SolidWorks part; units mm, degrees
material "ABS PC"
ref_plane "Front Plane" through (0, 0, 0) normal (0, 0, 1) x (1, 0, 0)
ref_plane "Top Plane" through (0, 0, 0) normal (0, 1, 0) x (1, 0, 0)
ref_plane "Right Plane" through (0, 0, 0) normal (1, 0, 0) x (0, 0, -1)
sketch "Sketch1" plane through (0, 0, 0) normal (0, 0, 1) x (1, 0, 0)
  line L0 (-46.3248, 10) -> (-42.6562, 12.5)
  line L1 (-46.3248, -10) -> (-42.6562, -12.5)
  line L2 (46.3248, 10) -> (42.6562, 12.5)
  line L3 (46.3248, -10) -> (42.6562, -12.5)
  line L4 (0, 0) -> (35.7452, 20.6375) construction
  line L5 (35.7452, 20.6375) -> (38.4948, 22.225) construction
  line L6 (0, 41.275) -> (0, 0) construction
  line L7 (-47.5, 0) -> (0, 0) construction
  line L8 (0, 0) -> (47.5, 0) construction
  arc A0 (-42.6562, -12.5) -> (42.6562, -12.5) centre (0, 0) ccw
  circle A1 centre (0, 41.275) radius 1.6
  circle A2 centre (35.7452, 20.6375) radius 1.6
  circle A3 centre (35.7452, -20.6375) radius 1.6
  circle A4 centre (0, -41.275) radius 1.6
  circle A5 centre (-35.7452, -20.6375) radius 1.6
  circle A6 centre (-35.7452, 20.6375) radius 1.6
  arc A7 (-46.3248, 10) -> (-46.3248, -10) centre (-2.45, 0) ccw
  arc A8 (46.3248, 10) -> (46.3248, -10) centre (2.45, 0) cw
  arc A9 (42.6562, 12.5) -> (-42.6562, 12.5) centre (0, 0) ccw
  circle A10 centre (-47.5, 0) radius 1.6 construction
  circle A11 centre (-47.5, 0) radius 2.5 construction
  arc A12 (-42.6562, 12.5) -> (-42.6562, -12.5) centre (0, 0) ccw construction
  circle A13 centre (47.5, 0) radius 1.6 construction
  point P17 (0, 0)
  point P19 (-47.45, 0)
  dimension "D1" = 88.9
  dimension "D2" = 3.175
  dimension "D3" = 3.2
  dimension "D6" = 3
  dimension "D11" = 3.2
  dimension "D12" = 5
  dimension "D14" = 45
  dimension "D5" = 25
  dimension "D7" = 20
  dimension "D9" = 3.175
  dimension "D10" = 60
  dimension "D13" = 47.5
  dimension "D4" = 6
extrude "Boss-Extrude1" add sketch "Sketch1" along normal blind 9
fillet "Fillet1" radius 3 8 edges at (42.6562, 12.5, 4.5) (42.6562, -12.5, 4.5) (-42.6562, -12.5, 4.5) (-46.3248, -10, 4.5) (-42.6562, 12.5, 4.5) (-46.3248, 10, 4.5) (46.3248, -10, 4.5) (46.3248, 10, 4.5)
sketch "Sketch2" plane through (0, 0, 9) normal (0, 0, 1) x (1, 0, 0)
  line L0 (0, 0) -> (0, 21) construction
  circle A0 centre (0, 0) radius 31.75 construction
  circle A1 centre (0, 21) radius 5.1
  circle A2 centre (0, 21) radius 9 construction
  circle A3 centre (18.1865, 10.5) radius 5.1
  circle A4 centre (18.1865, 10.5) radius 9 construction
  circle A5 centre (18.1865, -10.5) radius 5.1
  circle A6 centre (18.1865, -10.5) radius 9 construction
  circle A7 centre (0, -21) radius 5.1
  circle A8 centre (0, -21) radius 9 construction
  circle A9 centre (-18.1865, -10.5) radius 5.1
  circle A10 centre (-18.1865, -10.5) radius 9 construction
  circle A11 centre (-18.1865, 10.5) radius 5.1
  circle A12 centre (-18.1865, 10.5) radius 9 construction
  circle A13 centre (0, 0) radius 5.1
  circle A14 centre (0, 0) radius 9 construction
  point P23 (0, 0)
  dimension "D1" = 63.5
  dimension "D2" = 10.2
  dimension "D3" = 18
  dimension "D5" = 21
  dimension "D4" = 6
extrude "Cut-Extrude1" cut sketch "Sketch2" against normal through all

• • • •

** Task **
Of the lines above, copy each that contains "through".

** Finished exercise **
ref_plane "Front Plane" through (0, 0, 0) normal (0, 0, 1) x (1, 0, 0)
ref_plane "Top Plane" through (0, 0, 0) normal (0, 1, 0) x (1, 0, 0)
ref_plane "Right Plane" through (0, 0, 0) normal (1, 0, 0) x (0, 0, -1)
sketch "Sketch1" plane through (0, 0, 0) normal (0, 0, 1) x (1, 0, 0)
sketch "Sketch2" plane through (0, 0, 9) normal (0, 0, 1) x (1, 0, 0)
extrude "Cut-Extrude1" cut sketch "Sketch2" against normal through all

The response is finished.